You can't overnight on Gib, for the reasons someone has stated. We did overnight at Europa point with several other vans and the police had no problem with this. Perhaps if you stay a while they get iffy. The police in Spain seem to be stopping people "camping" on places anyway this year. It isn't them though it's "political", so a policeman told me! 

We got into Morrisons car park Ok, because we were there at 10.00, but when we came out there was only us and a Hymer, everywhere else was cars and it was full. So be early!

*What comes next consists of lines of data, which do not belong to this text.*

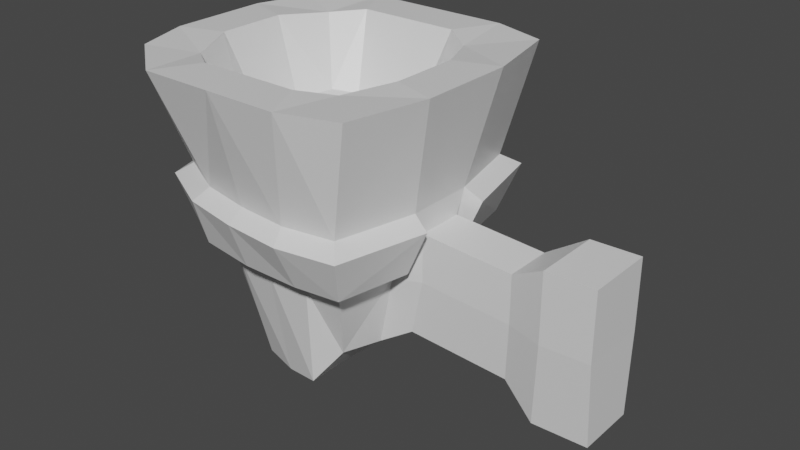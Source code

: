 # Source: WallTorch.blend  (saved by Blender 2.80.75; exported with 4.5.12 LTS)
import bpy
from mathutils import Matrix  # noqa: F401  (used for matrix-valued properties, if any)

bpy.ops.wm.read_factory_settings(use_empty=True)
scene = bpy.context.scene
scene.name = 'Scene'

# ---- collections
col_collection = bpy.data.collections.new('Collection'); scene.collection.children.link(col_collection)

# ---- materials (node trees are filled in below, after node groups)
mat_material = bpy.data.materials.new('Material')
mat_material.alpha_threshold = 0.0
mat_material.use_transparent_shadow = False
mat_material.line_color = (0.0, 0.0, 0.0, 1.0)

# ---- material node trees
mat_material.use_nodes = True; mat_material.node_tree.nodes.clear()
_N = mat_material.node_tree.nodes; _L = mat_material.node_tree.links
n0 = _N.new('ShaderNodeOutputMaterial'); n0.name = 'Material Output'; n0.location = (300, 300)
n1 = _N.new('ShaderNodeBsdfPrincipled'); n1.name = 'Principled BSDF'; n1.location = (10, 300)
n1.distribution = 'GGX'
n1.subsurface_method = 'BURLEY'
n1.inputs[2].default_value = 0.4
n1.inputs[3].default_value = 1.45
n1.inputs[27].default_value = (0.0, 0.0, 0.0, 1.0)
n1.inputs[28].default_value = 1.0
_L.new(n1.outputs[0], n0.inputs[0])
n0.is_active_output = True

# ---- world
world_world = bpy.data.worlds.new('World'); scene.world = world_world
world_world.use_nodes = True; world_world.node_tree.nodes.clear()
_N = world_world.node_tree.nodes; _L = world_world.node_tree.links
n0 = _N.new('ShaderNodeOutputWorld'); n0.name = 'World Output'; n0.location = (300, 300)
n1 = _N.new('ShaderNodeBackground'); n1.name = 'Background'; n1.location = (10, 300)
n1.inputs[0].default_value = (0.05088, 0.05088, 0.05088, 1.0)
_L.new(n1.outputs[0], n0.inputs[0])
n0.is_active_output = True
world_world.color = (0.05088, 0.05088, 0.05088)
world_world.use_sun_shadow = False
world_world.sun_shadow_jitter_overblur = 0.0

# ---- meshes
me_cube = bpy.data.meshes.new('Cube')
me_cube.from_pydata([(0.88, 0.88, 1.0), (0.4184, 0.432, -0.7834), (0.88, -0.88, 1.0), (0.4184, -0.432, -0.7834), (-0.88, 0.704, 1.0), (-0.4165, 0.3499, -0.8828), (-0.88, -0.704, 1.0), (-0.4165, -0.3499, -0.8828), (0.7, 0.7752, 0.2333), (0.5555, 0.5985, -0.2781), (-0.539, -0.4536, -0.2781), (-0.7, -0.56, 0.2333), (0.7, -0.7752, 0.2333), (0.5555, -0.5985, -0.2781), (-0.7, 0.56, 0.2333), (-0.539, 0.4536, -0.2781), (0.0009827, 0.486, -1.058), (0.0, -1.0, 1.0), (0.0009827, -0.486, -1.058), (0.0, 1.0, 1.0), (0.0009827, 0.63, -0.2781), (0.0, 0.805, 0.2333), (0.0009827, -0.63, -0.2781), (0.0, -0.805, 0.2333), (-0.4165, 0.18, -0.8828), (-0.4165, -0.18, -0.8828), (1.0, 0.3333, 1.0), (1.0, -0.3333, 1.0), (-1.0, -0.3333, 1.0), (-1.0, 0.3333, 1.0), (0.5084, -0.18, -0.7834), (0.5084, 0.18, -0.7834), (0.631, 0.21, -0.2781), (0.631, -0.21, -0.2781), (0.825, 0.2333, 0.2333), (0.825, -0.2333, 0.2333), (-0.5832, -0.21, -0.2781), (-0.5832, 0.21, -0.2781), (-0.7959, -0.2333, 0.2333), (-0.7959, 0.2333, 0.2333), (0.0009827, 0.18, -1.058), (0.0009827, -0.18, -1.058), (-0.2527, 0.4104, -1.06), (-0.5, -1.0, 1.0), (-0.314, -0.5859, -0.2781), (-0.35, -0.7382, 0.2333), (-0.2527, -0.4104, -1.06), (-0.5, 1.0, 1.0), (-0.314, 0.5859, -0.2781), (-0.35, 0.7382, 0.2333), (-0.2527, 0.18, -1.064), (-0.2527, -0.18, -1.064), (0.2547, -0.54, -1.011), (0.5, 1.0, 1.0), (0.316, 0.63, -0.2781), (0.35, 0.833, 0.2333), (0.2547, 0.54, -1.011), (0.5, -1.0, 1.0), (0.316, -0.63, -0.2781), (0.35, -0.833, 0.2333), (0.2547, 0.18, -1.011), (0.2547, -0.18, -1.011), (1.66, -0.2, -0.8541), (1.66, 0.2, -0.8541), (1.696, 0.2333, -0.2927), (1.696, -0.2333, -0.2927), (1.696, 0.2333, 0.174), (1.696, -0.2333, 0.174), (0.7305, -0.14, -0.6447), (0.7305, 0.14, -0.6447), (0.8259, 0.1633, 0.07495), (1.453, 0.1633, 0.03341), (0.8259, -0.1633, 0.07495), (0.8259, 0.1633, -0.2517), (0.8259, -0.1633, -0.2517), (1.428, -0.14, -0.6863), (1.428, 0.14, -0.6863), (1.453, -0.1633, 0.03341), (1.453, 0.1633, -0.2933), (1.453, -0.1633, -0.2933), (-0.35, -0.7, 1.0), (-0.5544, -0.5544, 0.975), (0.7, -0.2333, 1.0), (0.5544, -0.5544, 0.975), (-0.7, 0.2333, 1.0), (-0.5544, 0.5544, 0.975), (0.35, 0.7, 1.0), (0.5544, 0.5544, 0.975), (0.35, -0.7, 1.0), (-8.941e-10, -0.7, 1.0), (-0.35, 0.7, 1.0), (-8.941e-10, 0.7, 1.0), (0.7, 0.2333, 1.0), (-0.7, -0.2333, 1.0), (-0.245, -0.49, 0.5), (-0.3881, -0.3881, 0.525), (0.49, -0.1633, 0.5), (0.3881, -0.3881, 0.525), (-0.49, 0.1633, 0.5), (-0.3881, 0.3881, 0.525), (0.245, 0.49, 0.5), (0.3881, 0.3881, 0.525), (0.245, -0.49, 0.5), (-6.258e-10, -0.49, 0.5), (-0.245, 0.49, 0.5), (-6.258e-10, 0.49, 0.5), (-6.258e-10, -0.1633, 0.5), (0.49, 0.1633, 0.5), (-0.49, -0.1633, 0.5), (-6.258e-10, 0.1633, 0.5), (0.245, 0.1633, 0.5), (0.245, -0.1633, 0.5), (-0.245, 0.1633, 0.5), (-0.245, -0.1633, 0.5), (2.034, -0.2, -0.8433), (2.034, 0.2, -0.8433), (2.028, 0.2333, -0.2823), (2.028, -0.2333, -0.2823), (2.027, 0.2333, 0.1799), (2.027, -0.2333, 0.1799), (0.797, 0.8837, 0.1596), (0.7015, 0.7581, -0.1596), (-0.685, -0.5746, -0.1596), (-0.799, -0.6384, 0.1596), (0.797, -0.8837, 0.1596), (0.7015, -0.7581, -0.1596), (-0.799, 0.6384, 0.1596), (-0.685, 0.5746, -0.1596), (0.398, 0.798, -0.1596), (0.398, 0.9496, 0.1596), (0.797, -0.266, -0.1596), (0.9395, -0.266, 0.1596), (-0.741, 0.266, -0.1596), (-0.9082, 0.266, 0.1596), (-0.4, -0.7421, -0.1596), (-0.4, -0.8415, 0.1596), (-0.4, 0.7421, -0.1596), (-0.0009619, 0.798, -0.1596), (-0.4, 0.8415, 0.1596), (-0.0009619, 0.9177, 0.1596), (0.398, -0.798, -0.1596), (-0.0009619, -0.798, -0.1596), (0.398, -0.9496, 0.1596), (-0.0009619, -0.9177, 0.1596), (0.797, 0.266, -0.1596), (0.9395, 0.266, 0.1596), (-0.741, -0.266, -0.1596), (-0.9082, -0.266, 0.1596)], [], [(0, 53, 86, 87), (45, 43, 6, 11), (39, 29, 4, 14), (61, 30, 3, 52), (35, 27, 2, 12), (55, 53, 0, 8), (56, 54, 9, 1), (10, 44, 134, 122), (30, 33, 13, 3), (39, 14, 126, 133), (24, 37, 15, 5), (32, 9, 121, 144), (46, 44, 10, 7), (15, 37, 132, 127), (35, 12, 124, 131), (52, 58, 22, 18), (13, 33, 130, 125), (42, 48, 20, 16), (49, 47, 19, 21), (51, 41, 18, 46), (59, 57, 17, 23), (27, 26, 92, 82), (57, 2, 83, 88), (26, 0, 87, 92), (42, 16, 40, 50), (50, 40, 41, 51), (59, 23, 143, 142), (55, 8, 120, 129), (7, 10, 36, 25), (25, 36, 37, 24), (14, 49, 138, 126), (33, 30, 68, 74), (1, 9, 32, 31), (30, 31, 69, 68), (8, 0, 26, 34), (34, 26, 27, 35), (56, 1, 31, 60), (60, 31, 30, 61), (11, 6, 28, 38), (38, 28, 29, 39), (4, 29, 84, 85), (19, 47, 90, 91), (47, 4, 85, 90), (2, 27, 82, 83), (24, 50, 51, 25), (5, 42, 50, 24), (25, 51, 46, 7), (14, 4, 47, 49), (5, 15, 48, 42), (22, 58, 140, 141), (9, 54, 128, 121), (18, 22, 44, 46), (23, 17, 43, 45), (17, 57, 88, 89), (40, 60, 61, 41), (16, 56, 60, 40), (6, 43, 80, 81), (53, 19, 91, 86), (29, 28, 93, 84), (12, 2, 57, 59), (3, 13, 58, 52), (48, 15, 127, 136), (49, 21, 139, 138), (16, 20, 54, 56), (21, 19, 53, 55), (41, 61, 52, 18), (62, 63, 115, 114), (66, 67, 119, 118), (65, 67, 77, 79), (63, 62, 75, 76), (31, 32, 73, 69), (66, 64, 78, 71), (70, 72, 77, 71), (73, 70, 71, 78), (74, 68, 75, 79), (68, 69, 76, 75), (72, 74, 79, 77), (69, 73, 78, 76), (34, 35, 72, 70), (32, 34, 70, 73), (64, 63, 76, 78), (67, 66, 71, 77), (35, 33, 74, 72), (62, 65, 79, 75), (90, 85, 99, 104), (87, 86, 100, 101), (88, 83, 97, 102), (84, 93, 108, 98), (80, 89, 103, 94), (85, 84, 98, 99), (86, 91, 105, 100), (93, 81, 95, 108), (83, 82, 96, 97), (82, 92, 107, 96), (81, 80, 94, 95), (92, 87, 101, 107), (28, 6, 81, 93), (43, 17, 89, 80), (113, 108, 95, 94), (111, 106, 103, 102), (100, 105, 109, 110), (110, 109, 106, 111), (104, 99, 98, 112), (112, 98, 108, 113), (109, 112, 113, 106), (105, 104, 112, 109), (106, 113, 94, 103), (107, 110, 111, 96), (101, 100, 110, 107), (96, 111, 102, 97), (89, 88, 102, 103), (91, 90, 104, 105), (116, 118, 119, 117), (115, 116, 117, 114), (63, 64, 116, 115), (64, 66, 118, 116), (65, 62, 114, 117), (67, 65, 117, 119), (128, 129, 120, 121), (130, 131, 124, 125), (132, 133, 126, 127), (134, 135, 123, 122), (140, 142, 143, 141), (136, 138, 139, 137), (122, 123, 147, 146), (146, 147, 133, 132), (121, 120, 145, 144), (127, 126, 138, 136), (141, 143, 135, 134), (125, 124, 142, 140), (137, 139, 129, 128), (8, 34, 145, 120), (54, 20, 137, 128), (45, 11, 123, 135), (21, 55, 129, 139), (36, 10, 122, 146), (34, 32, 144, 145), (37, 36, 146, 132), (44, 22, 141, 134), (33, 35, 131, 130), (11, 38, 147, 123), (23, 45, 135, 143), (58, 13, 125, 140), (38, 39, 133, 147), (12, 59, 142, 124), (20, 48, 136, 137)])
_uv = me_cube.uv_layers.new(name='UVMap')
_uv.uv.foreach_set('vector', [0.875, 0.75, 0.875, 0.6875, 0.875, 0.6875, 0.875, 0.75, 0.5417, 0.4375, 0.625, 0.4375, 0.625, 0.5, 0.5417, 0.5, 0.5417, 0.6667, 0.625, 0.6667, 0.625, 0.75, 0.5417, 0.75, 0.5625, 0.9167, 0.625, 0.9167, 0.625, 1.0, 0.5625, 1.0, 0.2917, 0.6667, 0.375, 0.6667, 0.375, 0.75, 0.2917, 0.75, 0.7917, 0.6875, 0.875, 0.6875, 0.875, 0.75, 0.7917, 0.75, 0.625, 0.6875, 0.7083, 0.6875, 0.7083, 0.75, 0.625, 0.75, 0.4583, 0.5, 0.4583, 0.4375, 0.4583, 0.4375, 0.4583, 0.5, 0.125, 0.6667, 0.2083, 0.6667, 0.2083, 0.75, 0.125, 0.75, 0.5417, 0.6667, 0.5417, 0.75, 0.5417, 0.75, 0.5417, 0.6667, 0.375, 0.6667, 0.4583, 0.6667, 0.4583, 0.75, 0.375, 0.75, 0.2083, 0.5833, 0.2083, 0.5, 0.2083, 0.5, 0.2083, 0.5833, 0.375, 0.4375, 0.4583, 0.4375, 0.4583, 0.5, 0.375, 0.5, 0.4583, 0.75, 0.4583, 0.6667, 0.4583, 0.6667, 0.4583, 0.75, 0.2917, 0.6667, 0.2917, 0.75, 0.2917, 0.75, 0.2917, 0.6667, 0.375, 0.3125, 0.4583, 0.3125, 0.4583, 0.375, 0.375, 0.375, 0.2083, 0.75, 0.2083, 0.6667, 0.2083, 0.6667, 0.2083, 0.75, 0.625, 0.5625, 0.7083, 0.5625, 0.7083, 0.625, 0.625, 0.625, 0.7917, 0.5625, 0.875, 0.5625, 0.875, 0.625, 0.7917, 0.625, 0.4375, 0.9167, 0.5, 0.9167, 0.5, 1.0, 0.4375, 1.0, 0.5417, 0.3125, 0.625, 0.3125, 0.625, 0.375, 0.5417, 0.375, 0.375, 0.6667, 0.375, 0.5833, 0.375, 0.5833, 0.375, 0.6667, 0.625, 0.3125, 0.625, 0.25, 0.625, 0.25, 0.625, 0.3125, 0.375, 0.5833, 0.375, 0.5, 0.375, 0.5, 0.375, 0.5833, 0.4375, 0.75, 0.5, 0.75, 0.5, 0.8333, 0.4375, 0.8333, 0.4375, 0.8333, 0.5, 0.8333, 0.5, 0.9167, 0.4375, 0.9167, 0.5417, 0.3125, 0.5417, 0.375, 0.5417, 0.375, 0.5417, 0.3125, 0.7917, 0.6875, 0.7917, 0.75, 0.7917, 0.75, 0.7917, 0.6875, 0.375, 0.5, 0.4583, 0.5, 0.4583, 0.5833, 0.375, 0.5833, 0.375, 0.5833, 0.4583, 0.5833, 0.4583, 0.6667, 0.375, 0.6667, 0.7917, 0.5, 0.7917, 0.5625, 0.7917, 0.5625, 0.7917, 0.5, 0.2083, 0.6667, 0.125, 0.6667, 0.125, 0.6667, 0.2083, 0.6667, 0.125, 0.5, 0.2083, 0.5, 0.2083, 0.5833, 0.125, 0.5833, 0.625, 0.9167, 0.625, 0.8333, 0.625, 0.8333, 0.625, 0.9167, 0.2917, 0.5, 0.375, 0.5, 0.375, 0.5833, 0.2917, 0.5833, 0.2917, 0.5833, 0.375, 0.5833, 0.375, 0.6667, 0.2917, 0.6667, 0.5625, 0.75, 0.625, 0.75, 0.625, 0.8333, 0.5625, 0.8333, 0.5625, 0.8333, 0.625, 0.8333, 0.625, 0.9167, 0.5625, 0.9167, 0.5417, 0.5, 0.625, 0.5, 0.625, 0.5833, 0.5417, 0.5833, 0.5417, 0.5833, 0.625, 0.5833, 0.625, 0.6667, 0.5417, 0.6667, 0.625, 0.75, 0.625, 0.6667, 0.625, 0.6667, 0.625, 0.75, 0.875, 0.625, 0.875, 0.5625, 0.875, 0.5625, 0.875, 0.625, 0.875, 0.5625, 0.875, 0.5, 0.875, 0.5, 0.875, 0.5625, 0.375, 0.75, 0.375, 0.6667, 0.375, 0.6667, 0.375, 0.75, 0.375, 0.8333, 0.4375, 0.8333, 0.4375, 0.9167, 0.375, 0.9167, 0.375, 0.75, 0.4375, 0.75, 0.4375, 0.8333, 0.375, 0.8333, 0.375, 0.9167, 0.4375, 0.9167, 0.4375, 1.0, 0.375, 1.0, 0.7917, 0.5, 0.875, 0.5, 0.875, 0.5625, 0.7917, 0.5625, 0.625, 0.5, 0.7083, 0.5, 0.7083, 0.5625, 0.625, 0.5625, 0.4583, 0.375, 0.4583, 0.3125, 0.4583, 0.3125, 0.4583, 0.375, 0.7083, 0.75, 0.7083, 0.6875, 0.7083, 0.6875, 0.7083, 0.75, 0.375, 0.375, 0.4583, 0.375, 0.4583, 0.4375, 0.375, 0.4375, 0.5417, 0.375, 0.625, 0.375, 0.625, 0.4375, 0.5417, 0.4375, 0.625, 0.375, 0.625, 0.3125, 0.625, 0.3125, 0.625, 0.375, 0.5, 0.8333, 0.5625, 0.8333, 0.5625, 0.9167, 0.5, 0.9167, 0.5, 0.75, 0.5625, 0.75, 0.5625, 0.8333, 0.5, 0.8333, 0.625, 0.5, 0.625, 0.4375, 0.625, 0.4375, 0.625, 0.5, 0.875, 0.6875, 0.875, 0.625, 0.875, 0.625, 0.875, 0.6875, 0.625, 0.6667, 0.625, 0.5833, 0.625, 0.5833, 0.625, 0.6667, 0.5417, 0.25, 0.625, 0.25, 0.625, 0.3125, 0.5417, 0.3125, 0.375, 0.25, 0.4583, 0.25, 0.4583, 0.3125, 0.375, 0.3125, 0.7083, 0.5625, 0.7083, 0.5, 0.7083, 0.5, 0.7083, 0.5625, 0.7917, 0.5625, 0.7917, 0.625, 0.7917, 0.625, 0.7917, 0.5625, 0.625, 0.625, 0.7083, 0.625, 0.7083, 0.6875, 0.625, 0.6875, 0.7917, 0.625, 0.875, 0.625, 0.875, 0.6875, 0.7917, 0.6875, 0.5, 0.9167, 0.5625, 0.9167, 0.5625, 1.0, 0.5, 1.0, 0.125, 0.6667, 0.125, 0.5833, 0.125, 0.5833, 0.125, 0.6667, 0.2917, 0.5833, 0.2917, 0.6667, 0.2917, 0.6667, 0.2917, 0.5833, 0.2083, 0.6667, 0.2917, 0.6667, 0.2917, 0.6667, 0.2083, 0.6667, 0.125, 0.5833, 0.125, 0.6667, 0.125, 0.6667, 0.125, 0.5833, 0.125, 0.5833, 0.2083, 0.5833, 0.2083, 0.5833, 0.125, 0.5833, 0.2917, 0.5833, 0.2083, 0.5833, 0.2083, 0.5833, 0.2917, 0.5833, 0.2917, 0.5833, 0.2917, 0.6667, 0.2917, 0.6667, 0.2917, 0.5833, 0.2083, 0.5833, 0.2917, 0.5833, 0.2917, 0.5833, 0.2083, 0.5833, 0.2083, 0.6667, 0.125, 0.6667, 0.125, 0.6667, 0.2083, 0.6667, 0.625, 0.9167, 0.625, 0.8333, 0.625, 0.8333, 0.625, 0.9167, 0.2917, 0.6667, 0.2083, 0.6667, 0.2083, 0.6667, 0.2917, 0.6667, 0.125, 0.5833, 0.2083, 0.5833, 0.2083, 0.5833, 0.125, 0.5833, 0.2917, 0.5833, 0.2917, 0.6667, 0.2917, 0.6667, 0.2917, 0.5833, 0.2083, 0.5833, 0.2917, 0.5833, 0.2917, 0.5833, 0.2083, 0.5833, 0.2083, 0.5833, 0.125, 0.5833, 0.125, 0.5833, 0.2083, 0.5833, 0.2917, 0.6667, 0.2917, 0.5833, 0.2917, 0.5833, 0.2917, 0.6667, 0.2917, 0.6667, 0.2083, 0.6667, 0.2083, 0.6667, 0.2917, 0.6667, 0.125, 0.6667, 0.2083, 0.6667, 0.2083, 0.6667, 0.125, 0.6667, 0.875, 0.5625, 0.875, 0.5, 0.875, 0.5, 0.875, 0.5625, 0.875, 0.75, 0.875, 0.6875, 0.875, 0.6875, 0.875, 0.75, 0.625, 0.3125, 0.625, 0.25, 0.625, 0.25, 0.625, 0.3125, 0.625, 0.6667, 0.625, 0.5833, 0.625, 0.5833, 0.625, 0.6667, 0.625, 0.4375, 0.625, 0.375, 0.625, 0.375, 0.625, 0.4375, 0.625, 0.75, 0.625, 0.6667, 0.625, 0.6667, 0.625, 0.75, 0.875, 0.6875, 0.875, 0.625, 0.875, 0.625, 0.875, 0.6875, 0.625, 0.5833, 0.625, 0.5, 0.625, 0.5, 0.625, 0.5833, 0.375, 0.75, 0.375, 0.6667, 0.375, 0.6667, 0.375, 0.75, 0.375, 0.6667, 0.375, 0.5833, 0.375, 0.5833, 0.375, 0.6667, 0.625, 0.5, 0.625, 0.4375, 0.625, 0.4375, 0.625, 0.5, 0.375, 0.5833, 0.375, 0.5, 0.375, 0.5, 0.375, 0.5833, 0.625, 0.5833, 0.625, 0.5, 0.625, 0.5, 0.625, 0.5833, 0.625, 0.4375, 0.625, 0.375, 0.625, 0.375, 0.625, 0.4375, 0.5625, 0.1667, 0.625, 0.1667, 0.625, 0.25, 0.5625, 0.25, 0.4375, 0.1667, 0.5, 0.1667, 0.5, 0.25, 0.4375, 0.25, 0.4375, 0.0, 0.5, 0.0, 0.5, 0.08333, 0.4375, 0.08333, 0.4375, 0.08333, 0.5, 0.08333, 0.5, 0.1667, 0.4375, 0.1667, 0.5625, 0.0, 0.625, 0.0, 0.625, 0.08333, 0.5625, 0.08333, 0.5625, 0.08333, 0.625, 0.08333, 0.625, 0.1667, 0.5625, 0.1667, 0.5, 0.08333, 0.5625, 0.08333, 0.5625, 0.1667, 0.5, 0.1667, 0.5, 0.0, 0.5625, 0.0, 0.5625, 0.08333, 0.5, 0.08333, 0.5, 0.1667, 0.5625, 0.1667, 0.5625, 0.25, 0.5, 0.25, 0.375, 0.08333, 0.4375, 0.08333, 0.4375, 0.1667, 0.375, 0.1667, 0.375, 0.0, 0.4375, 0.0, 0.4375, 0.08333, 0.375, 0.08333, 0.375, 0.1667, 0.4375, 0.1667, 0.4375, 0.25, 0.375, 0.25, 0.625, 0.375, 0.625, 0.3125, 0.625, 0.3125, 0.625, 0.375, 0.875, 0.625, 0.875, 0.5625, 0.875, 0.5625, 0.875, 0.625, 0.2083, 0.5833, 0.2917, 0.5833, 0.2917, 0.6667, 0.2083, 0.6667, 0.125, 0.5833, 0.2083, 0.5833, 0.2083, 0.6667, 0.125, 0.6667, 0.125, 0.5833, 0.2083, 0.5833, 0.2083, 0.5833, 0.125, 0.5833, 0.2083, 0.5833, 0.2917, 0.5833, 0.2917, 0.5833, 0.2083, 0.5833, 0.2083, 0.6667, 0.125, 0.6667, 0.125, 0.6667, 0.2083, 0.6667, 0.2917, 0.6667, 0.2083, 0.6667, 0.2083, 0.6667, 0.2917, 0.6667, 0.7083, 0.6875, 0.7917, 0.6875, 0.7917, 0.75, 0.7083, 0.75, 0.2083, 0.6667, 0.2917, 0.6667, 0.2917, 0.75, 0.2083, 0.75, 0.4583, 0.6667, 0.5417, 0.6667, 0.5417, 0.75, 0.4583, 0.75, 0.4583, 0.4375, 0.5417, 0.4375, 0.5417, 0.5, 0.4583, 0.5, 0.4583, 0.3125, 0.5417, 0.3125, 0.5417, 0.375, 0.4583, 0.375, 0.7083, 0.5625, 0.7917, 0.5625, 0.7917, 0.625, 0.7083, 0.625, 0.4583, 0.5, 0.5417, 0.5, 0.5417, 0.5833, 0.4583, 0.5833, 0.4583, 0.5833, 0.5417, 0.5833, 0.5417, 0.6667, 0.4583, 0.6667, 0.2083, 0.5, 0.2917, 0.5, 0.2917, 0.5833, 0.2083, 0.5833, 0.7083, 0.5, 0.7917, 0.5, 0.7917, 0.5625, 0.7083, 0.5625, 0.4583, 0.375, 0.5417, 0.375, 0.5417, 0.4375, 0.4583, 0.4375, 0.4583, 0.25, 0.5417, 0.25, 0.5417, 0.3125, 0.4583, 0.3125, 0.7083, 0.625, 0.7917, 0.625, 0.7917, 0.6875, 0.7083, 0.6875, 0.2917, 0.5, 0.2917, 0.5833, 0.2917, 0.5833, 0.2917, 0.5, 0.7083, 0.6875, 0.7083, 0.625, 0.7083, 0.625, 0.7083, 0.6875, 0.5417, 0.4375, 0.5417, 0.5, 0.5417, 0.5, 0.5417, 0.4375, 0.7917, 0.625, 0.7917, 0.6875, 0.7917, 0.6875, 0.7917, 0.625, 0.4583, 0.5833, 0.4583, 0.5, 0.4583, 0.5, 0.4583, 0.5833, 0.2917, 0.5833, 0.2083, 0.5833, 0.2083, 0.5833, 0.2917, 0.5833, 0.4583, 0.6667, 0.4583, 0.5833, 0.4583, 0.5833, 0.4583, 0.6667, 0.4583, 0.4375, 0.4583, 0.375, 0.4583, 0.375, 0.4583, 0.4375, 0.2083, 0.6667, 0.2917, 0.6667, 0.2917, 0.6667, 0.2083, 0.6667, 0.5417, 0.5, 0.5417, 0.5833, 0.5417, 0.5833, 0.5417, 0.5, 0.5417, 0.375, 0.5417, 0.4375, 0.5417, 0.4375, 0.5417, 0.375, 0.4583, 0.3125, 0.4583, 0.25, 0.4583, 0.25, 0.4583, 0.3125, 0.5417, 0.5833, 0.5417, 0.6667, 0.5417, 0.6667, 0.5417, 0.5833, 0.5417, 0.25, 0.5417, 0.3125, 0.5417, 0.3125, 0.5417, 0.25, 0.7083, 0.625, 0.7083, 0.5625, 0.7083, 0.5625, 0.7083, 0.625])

Spanish Customs stopped us coming off to check for ****. We didn't have any, but they did look inside the van and underneath it. I did hear later from someone that they had found some in his van and were going to impound his van. They kept him 24 hours then let him go, but his details were passed to UK customs.


----------



## oly

Thinking of going to Gibralter whilst we are passing. Any more recent updates and advice on this, last talked about on here in 2009!


----------



## eddied

Don't bother!
saluti,
eddied


----------



## barryd

Yep, its a dump. We went in a car a few years back with Mrs D's Disabled mother. We couldn't get parked anywhere and after queueing for an hour to get on the island decided it was so horrible we turned round and left.


----------



## jonse

*Gib*

parking outside no problem drive past the Gib entrance,on the main road, parking on the right opposite stadium, some hard standing, also water and waste emptying but not that defined watch for the other vans emptying can be nosy sat nights but it seems to be safe police do patrol around and not far to walk to the sea,


----------



## robbie3993

I stopped at Gibraltar for a week at the start of April. Parked at the waste ground mentioned. GPS co-ordinates I used were 36.15513 -5.34274. 

Generally it was well used - the number of vans fluctuated between half-a-dozen and 20. Every couple of hours patrol cars from the local police and Guardia Civil drove round the site. There is an open-air market in one of the nearby streets on a Wednesday which was busy and the only access road on to the waste ground did fill up with cars on Wed morning.

As an alternative there is Camping SurEuropa which is about 4km from the border.

For shopping in Morrisons, every time I visited it (on foot) there were always a few multiple adjacent parking spaces available which would accomodate a MH. The shop itself was always very busy.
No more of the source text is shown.